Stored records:

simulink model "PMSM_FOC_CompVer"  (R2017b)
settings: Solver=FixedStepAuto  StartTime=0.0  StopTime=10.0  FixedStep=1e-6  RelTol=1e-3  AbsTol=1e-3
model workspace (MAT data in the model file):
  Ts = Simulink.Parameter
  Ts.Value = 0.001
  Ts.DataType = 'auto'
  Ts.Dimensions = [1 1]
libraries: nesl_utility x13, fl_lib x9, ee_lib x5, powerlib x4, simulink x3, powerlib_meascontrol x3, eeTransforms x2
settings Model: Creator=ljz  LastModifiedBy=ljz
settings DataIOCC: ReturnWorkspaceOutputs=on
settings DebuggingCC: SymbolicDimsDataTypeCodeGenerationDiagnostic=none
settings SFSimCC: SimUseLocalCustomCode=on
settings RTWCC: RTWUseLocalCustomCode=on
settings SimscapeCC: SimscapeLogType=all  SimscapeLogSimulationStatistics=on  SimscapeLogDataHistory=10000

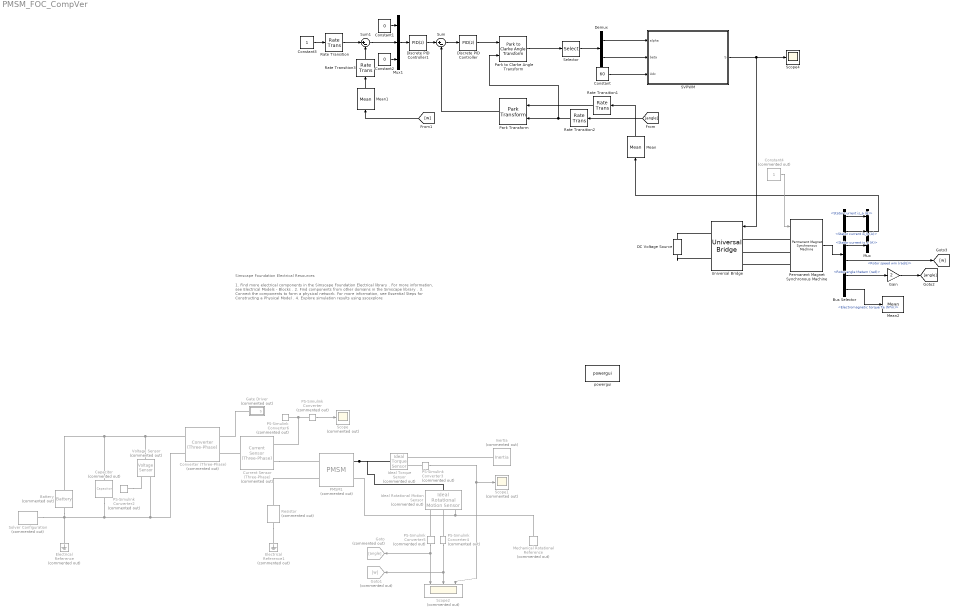
== system PMSM_FOC_CompVer ==
  note: 1. Find more electrical components in the Simscape Foundation Electrical library .
      | For more information, see Electrical Models - Blocks .
      | 2. Find components from other domains in the Simscape library .
      | 3. Connect the components to form a physical network.
      | For more information, see Essential Steps for Constructing a Physical Model .
      | 4. Explore simulation results using sscexplore
  note: Simscape Foundation Electrical Resources
  Battery : ee_lib/Sources/Battery  Commented=on  Vnom=12 V  R1=2 Ohm  prm_AH=1  AH=50 hr*A  V1=11.5 V  AH1=25 hr*A  prm_R2=1  R2=2000 Ohm  prm_dyn=1  Rp1=0.005 Ohm  tau1=30 s  Rp2=0.005 Ohm  tau2=30 s  Rp3=0.005 Ohm  tau3=30 s  Rp4=0.005 Ohm  tau4=30 s  Rp5=0.005 Ohm  tau5=30 s  prm_fade=1  N_fade=100  AH_fade=45 hr*A  R1_fade=2.02 Ohm  V1_fade=10.35 V  i_specify=off  i_priority=None  i=0 A  i_nominal_specify=off  i_nominal_unit=A  i_nominal_value=1  v_specify=off  v_priority=None  v=0 V  v_nominal_specify=off  v_nominal_unit=V  v_nominal_value=1  charge_specify=off  charge_priority=High  charge=50 hr*A  charge_nominal_specify=off  charge_nominal_unit=hr*A  charge_nominal_value=1  num_cycles_specify=off  num_cycles_priority=High  num_cycles=0  num_cycles_nominal_specify=off  num_cycles_nominal_unit=1  num_cycles_nominal_value=1  thermal_mass=30000 J/K  Tmeas=298.15 K  Vnom_T2=12 V  R1_T2=2.2 Ohm  V1_T2=11.4 V  R2_T2=2200 Ohm  Rp1_T2=0.005 Ohm  tau1_T2=30 s  Rp2_T2=0.005 Ohm  tau2_T2=30 s  Rp3_T2=0.005 Ohm  tau3_T2=30 s  Rp4_T2=0.005 Ohm  tau4_T2=30 s  Rp5_T2=0.005 Ohm  tau5_T2=30 s  Tmeas2=273.15 K  temperature_specify=off  temperature_priority=High  temperature=298.15 K  temperature_nominal_specify=off  temperature_nominal_unit=K  temperature_nominal_value=1
  Bus Selector : BusSelector  OutputSignals=Stator current is_a (A),Stator current is_b (A),Stator current is_c (A),Rotor speed wm (rad/s),Rotor angle thetam (rad),Electromagnetic torque Te (N*m)
  Capacitor : fl_lib/Electrical/Electrical Elements/Capacitor  Commented=on  c=220 uF  r=1e-6 Ohm  g=0 1/Ohm  i_specify=off  i_priority=None  i=0 A  i_nominal_specify=off  i_nominal_unit=A  i_nominal_value=1  v_specify=off  v_priority=None  v=0 V  v_nominal_specify=off  v_nominal_unit=V  v_nominal_value=1  vc_specify=off  vc_priority=High  vc=0 V  vc_nominal_specify=off  vc_nominal_unit=V  vc_nominal_value=1
  Constant : Constant  Value=60
  Constant1 : Constant  Value=0
  Constant2 : Constant  Value=0
  Constant3 : Constant
  Constant4 : Constant  Commented=on
  Converter (Three-Phase) : ee_lib/Semiconductors & Converters/Converters/Converter (Three-Phase)  Commented=on  device_type=ee.enum.converters.switchingdevice.ideal  Vf=0.8 V  Ron=0.001 Ohm  Rds=0.001 Ohm  Goff=1e-6 1/Ohm  Vth=0.5 V  Vgt=1 V  Vgt_off=-1 V  Ih=1 A  diode_param=ee.enum.converters.protectiondiode.none  diode_Vf=0.8 V  diode_Ron=0.001 Ohm  diode_Goff=1e-5 1/Ohm  diode_C=50 nF  diode_iRM=-235 A  diode_iF=300 A  diode_idot=-50 A/us  diode_trr_param=ee.enum.converters.diodetrr.trr_factor  diode_trr_factor=3  diode_trr=15 us  diode_Qrr=1500 s*uA  snubber_type=ee.enum.converters.snubber.exclude  Rs=0.1 Ohm  Cs=1e-7 F
      settings: SourceProductBaseCode=PS
  Current Sensor (Three-Phase) : ee_lib/Sensors & Transducers/Current Sensor (Three-Phase)  Commented=on
  DC Voltage Source : powerlib/Electrical Sources/DC Voltage Source  Amplitude=60  Measurements=None
  Demux : Demux  Outputs=2
  Discrete PID Controller : simulink/Continuous/PID Controller  Controller=PID  Form=Parallel  TimeDomain=Discrete-time  SampleTime=-1  IntegratorMethod=Forward Euler  FilterMethod=Forward Euler  ControllerParametersSource=internal  P=10  I=10  D=0  UseFilter=on  N=100  TunerSelectOption=Transfer Function Based (PID Tuner App)  InitialConditionSource=internal  InitialConditionForIntegrator=0  InitialConditionForFilter=0  DifferentiatorICPrevScaledInput=0  ExternalReset=none  TrackingMode=off  Kt=1  LimitOutput=off  UpperSaturationLimit=inf  LowerSaturationLimit=-inf  LinearizeAsGain=off  AntiWindupMode=none  Kb=1  POutMin=[]  POutMax=[]  IOutMin=[]  IOutMax=[]  DOutMin=[]  DOutMax=[]  NOutMin=[]  NOutMax=[]  SumOutMin=[]  SumOutMax=[]  SaturationOutMin=[]  SaturationOutMax=[]  PParamMin=[]  PParamMax=[]  IParamMin=[]  IParamMax=[]  DParamMin=[]  DParamMax=[]  NParamMin=[]  NParamMax=[]  KbParamMin=[]  KbParamMax=[]  KtParamMin=[]  KtParamMax=[]  KbOutMin=[]  KbOutMax=[]  KtOutMin=[]  KtOutMax=[]  IntegratorOutMin=[]  IntegratorOutMax=[]  FilterOutMin=[]  FilterOutMax=[]  SumI1OutMin=[]  SumI1OutMax=[]  SumI2OutMin=[]  SumI2OutMax=[]  SumI3OutMin=[]  SumI3OutMax=[]  SumDOutMin=[]  SumDOutMax=[]  DifferentiatorOutMin=[]  DifferentiatorOutMax=[]  FilterDiffOutCoefMin=[]  FilterDiffOutCoefMax=[]  ReciprocalOutMin=[]  ReciprocalOutMax=[]  SumDenOutMin=[]  SumDenOutMax=[]  SumNumOutMin=[]  SumNumOutMax=[]  DivideOutMin=[]  DivideOutMax=[]  IntegratorContinuousStateAttributes=''  IntegratorStateMustResolveToSignalObject=off  IntegratorRTWStateStorageClass=Auto  FilterContinuousStateAttributes=''  FilterStateMustResolveToSignalObject=off  FilterRTWStateStorageClass=Auto
  Discrete PID Controller1 : simulink/Continuous/PID Controller  Controller=PID  Form=Parallel  TimeDomain=Discrete-time  SampleTime=-1  IntegratorMethod=Forward Euler  FilterMethod=Forward Euler  ControllerParametersSource=internal  P=0.06  I=1  D=0  UseFilter=on  N=100  TunerSelectOption=Transfer Function Based (PID Tuner App)  InitialConditionSource=internal  InitialConditionForIntegrator=0  InitialConditionForFilter=0  DifferentiatorICPrevScaledInput=0  ExternalReset=none  TrackingMode=off  Kt=1  LimitOutput=off  UpperSaturationLimit=inf  LowerSaturationLimit=-inf  LinearizeAsGain=off  AntiWindupMode=none  Kb=1  POutMin=[]  POutMax=[]  IOutMin=[]  IOutMax=[]  DOutMin=[]  DOutMax=[]  NOutMin=[]  NOutMax=[]  SumOutMin=[]  SumOutMax=[]  SaturationOutMin=[]  SaturationOutMax=[]  PParamMin=[]  PParamMax=[]  IParamMin=[]  IParamMax=[]  DParamMin=[]  DParamMax=[]  NParamMin=[]  NParamMax=[]  KbParamMin=[]  KbParamMax=[]  KtParamMin=[]  KtParamMax=[]  KbOutMin=[]  KbOutMax=[]  KtOutMin=[]  KtOutMax=[]  IntegratorOutMin=[]  IntegratorOutMax=[]  FilterOutMin=[]  FilterOutMax=[]  SumI1OutMin=[]  SumI1OutMax=[]  SumI2OutMin=[]  SumI2OutMax=[]  SumI3OutMin=[]  SumI3OutMax=[]  SumDOutMin=[]  SumDOutMax=[]  DifferentiatorOutMin=[]  DifferentiatorOutMax=[]  FilterDiffOutCoefMin=[]  FilterDiffOutCoefMax=[]  ReciprocalOutMin=[]  ReciprocalOutMax=[]  SumDenOutMin=[]  SumDenOutMax=[]  SumNumOutMin=[]  SumNumOutMax=[]  DivideOutMin=[]  DivideOutMax=[]  IntegratorContinuousStateAttributes=''  IntegratorStateMustResolveToSignalObject=off  IntegratorRTWStateStorageClass=Auto  FilterContinuousStateAttributes=''  FilterStateMustResolveToSignalObject=off  FilterRTWStateStorageClass=Auto
  Electrical Reference : fl_lib/Electrical/Electrical Elements/Electrical Reference  Commented=on
  Electrical Reference1 : fl_lib/Electrical/Electrical Elements/Electrical Reference  Commented=on
  Gain : Gain  Gain=2
  Gate Driver : Subsystem  Commented=on
  Goto : Goto  Commented=on  GotoTag=angle
  Goto1 : Goto  Commented=on  GotoTag=w
  Ideal Rotational Motion Sensor : fl_lib/Mechanical/Mechanical Sensors/Ideal Rotational Motion Sensor  Commented=on  wrap_angle=simscape.enum.onoff.off  offset=0 rad
  Ideal Torque Sensor : fl_lib/Mechanical/Mechanical Sensors/Ideal Torque Sensor  Commented=on
  Inertia : fl_lib/Mechanical/Rotational Elements/Inertia  Commented=on  inertia=0.01 kg*m^2  w_specify=off  w_priority=High  w=0 rad/s  w_nominal_specify=off  w_nominal_unit=rad/s  w_nominal_value=1  t_specify=off  t_priority=None  t=0 N*m  t_nominal_specify=off  t_nominal_unit=N*m  t_nominal_value=1
  Mean : powerlib_meascontrol/Measurements/Mean  Freq=1000  Vinit=0  Ts=0
  Mean1 : powerlib_meascontrol/Measurements/Mean  Freq=1000  Vinit=0  Ts=0
  Mean2 : powerlib_meascontrol/Measurements/Mean  Freq=1000  Vinit=0  Ts=0
  Mechanical Rotational Reference : fl_lib/Mechanical/Rotational Elements/Mechanical Rotational Reference  Commented=on
  Mux : Mux  Inputs=3
  Mux1 : Mux  Inputs=3
  PMSM1 : ee_lib/Electromechanical/Permanent Magnet/PMSM  Commented=on  winding_type=ee.enum.statorconnection.wye  machine_param=ee.enum.pmsm.parameterization.constant  nPolePairs=6  pmflux_param=ee.enum.pmflux.fluxlinkage  pm_flux_linkage=0.03 Wb  torque_constant=0.18 N*m/A  back_emf_constant=0.18 V/(rad/s)  stator_param=ee.enum.statorparam.LdLqL0  Ld=0.00019 H  Lq=0.00025 H  idVec=[-200, 0, 200] A  iqVec=[-200, 0, 200] A  LdMatrix=0.0002 * ones(3, 3) H  LqMatrix=0.0002 * ones(3, 3) H  PmMatrix=0.1 * ones(3, 3) Wb  ktMatrix=0.18 * ones(3, 3) N*m/A  keMatrix=0.18 * ones(3, 3) V/(rad/s)  L0=0.00016 H  Ls=0.0002 H  Lm=-0.00002 H  Ms=0.00002 H  Rs=0.013 Ohm  zero_sequence=ee.enum.park.zerosequence.include  J=0.01 kg*m^2  lam=0 N*m/(rad/s)  axes_param=ee.enum.rotorangle.daxis  i_d_specify=off  i_d_priority=None  i_d=0 A  i_d_nominal_specify=off  i_d_nominal_unit=A  i_d_nominal_value=1  i_q_specify=off  i_q_priority=None  i_q=0 A  i_q_nominal_specify=off  i_q_nominal_unit=A  i_q_nominal_value=1  torque_specify=off  torque_priority=None  torque=0 N*m  torque_nominal_specify=off  torque_nominal_unit=N*m  torque_nominal_value=1  angular_velocity_specify=off  angular_velocity_priority=High  angular_velocity=0 rpm  angular_velocity_nominal_specify=off  angular_velocity_nominal_unit=rpm  angular_velocity_nominal_value=1  angular_position_specify=off  angular_position_priority=High  angular_position=0 deg  angular_position_nominal_specify=off  angular_position_nominal_unit=deg  angular_position_nominal_value=1  loss_param=ee.enum.ironloss.none  losses_oc=[0, 0, 0] W  losses_sc=[0, 0, 0] W  f_losses=60 Hz  Isc_losses=95 A  Tmeas=298.15 K  alpha=3.93e-3 1/K  alpha_flux=-0.001 1/K  stator_thermal_mass=100 J/K  rotor_thermal_mass=200 J/K  Rm_percent_rotor=90  Rd_percent_rotor=30  temperatureA_specify=off  temperatureA_priority=High  temperatureA=25 degC  temperatureA_nominal_specify=off  temperatureA_nominal_unit=degC  temperatureA_nominal_value=1  temperatureB_specify=off  temperatureB_priority=High  temperatureB=25 degC  temperatureB_nominal_specify=off  temperatureB_nominal_unit=degC  temperatureB_nominal_value=1  temperatureC_specify=off  temperatureC_priority=High  temperatureC=25 degC  temperatureC_nominal_specify=off  temperatureC_nominal_unit=degC  temperatureC_nominal_value=1  temperatureR_specify=off  temperatureR_priority=High  temperatureR=25 degC  temperatureR_nominal_specify=off  temperatureR_nominal_unit=degC  temperatureR_nominal_value=1
      settings: InternalSimscapePortConfiguration="{\"Bottom\":[],\"Left\":[{\"id\":\"N\",\"label\":\"~\",\"type\":\"foundation.electrical.three_phase\"},{\"id\":\"n\",\"label\":\"n\",\"type\":\"foundation.electrical.electrical\"}],\"Right\":[{\"id\":\"R\",\"label\":\"R\",\"type\":\"foundation.mechanical.rotational.rotational\"},{\"id\":\"C\",\"label\":\"C\",\"type\":\"foundation.mechanical.rotational.rotational\"}],\"Top\":[]}"
  PS-Simulink Converter{,2..6} (6 alike) : nesl_utility/PS-Simulink Converter  Commented=on  PhysicalDomain=network_engine_domain  SubClassName=ps_output  LeftPortType=input  RightPortType=output  PseudoPeriodic=off  Frequencies=[]  Unit=inherit  AffineConversion=off
  Park Transform : eeTransforms/Park Transform  AxisAlignment=D-axis  PowerInvariant=off
  Park to Clarke Angle Transform : eeTransforms/Park to Clarke Angle Transform  AxisAlignment=D-axis
      settings: SourceProductBaseCode=PS
  Permanent Magnet Synchronous Machine : powerlib/Machines/Permanent Magnet Synchronous Machine  NbPhases=3  FluxDistribution=Sinusoidal  RotorType=Round  MechanicalLoad=Torque Tm  PresetModel=No  ShowDetailedParameters=on  MeasurementBus=off  Resistance=18.7  Inductance=8.5e-3  dqInductances=[8.5e-3,8.5e-3]  La=0.02682  MachineConstant=Flux linkage established by magnets (V.s)  Flux=0.1716  VoltageCst=62.2496  TorqueCst=0.5148  Flat=120  Mechanical=[2.26e-05 1.349e-05 2 0]  PolePairs=2  InitialConditions=[0,0, 0,0]  InitialConditions5ph=[0 0 0 0 0 0]  RefAngle=Aligned with phase A axis (original Park)  IterativeDiscreteModel=Trapezoidal non iterative  TsBlock=-1  TsPowergui=0
  Rate Transition{,1..3} (4 alike) : RateTransition  OutPortSampleTime=0.001
  Resistor : fl_lib/Electrical/Electrical Elements/Resistor  Commented=on  R=100 Ohm  i_specify=off  i_priority=None  i=0 A  i_nominal_specify=off  i_nominal_unit=A  i_nominal_value=1  v_specify=off  v_priority=None  v=0 V  v_nominal_specify=off  v_nominal_unit=V  v_nominal_value=1
  SVPWM : Subsystem
  Scope : Scope  Commented=on
  Scope1 : Scope  Commented=on
  Scope2 : Scope  Commented=on  NumInputPorts=3
  Scope4 : Scope
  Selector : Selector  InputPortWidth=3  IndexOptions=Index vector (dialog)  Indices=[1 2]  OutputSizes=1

THE PROBLEM: Please copy out from the data above, without any picture, exactly the lines running from the one that holds "Ts = Simulink.Parameter" through the one that holds "note: Simscape Foundation", and nothing beyond them.

RESPONSE TO THE EXERCISE:
  Ts = Simulink.Parameter
  Ts.Value = 0.001
  Ts.DataType = 'auto'
  Ts.Dimensions = [1 1]
libraries: nesl_utility x13, fl_lib x9, ee_lib x5, powerlib x4, simulink x3, powerlib_meascontrol x3, eeTransforms x2
settings Model: Creator=ljz  LastModifiedBy=ljz
settings DataIOCC: ReturnWorkspaceOutputs=on
settings DebuggingCC: SymbolicDimsDataTypeCodeGenerationDiagnostic=none
settings SFSimCC: SimUseLocalCustomCode=on
settings RTWCC: RTWUseLocalCustomCode=on
settings SimscapeCC: SimscapeLogType=all  SimscapeLogSimulationStatistics=on  SimscapeLogDataHistory=10000

== system PMSM_FOC_CompVer ==
  note: 1. Find more electrical components in the Simscape Foundation Electrical library .
      | For more information, see Electrical Models - Blocks .
      | 2. Find components from other domains in the Simscape library .
      | 3. Connect the components to form a physical network.
      | For more information, see Essential Steps for Constructing a Physical Model .
      | 4. Explore simulation results using sscexplore
  note: Simscape Foundation Electrical Resources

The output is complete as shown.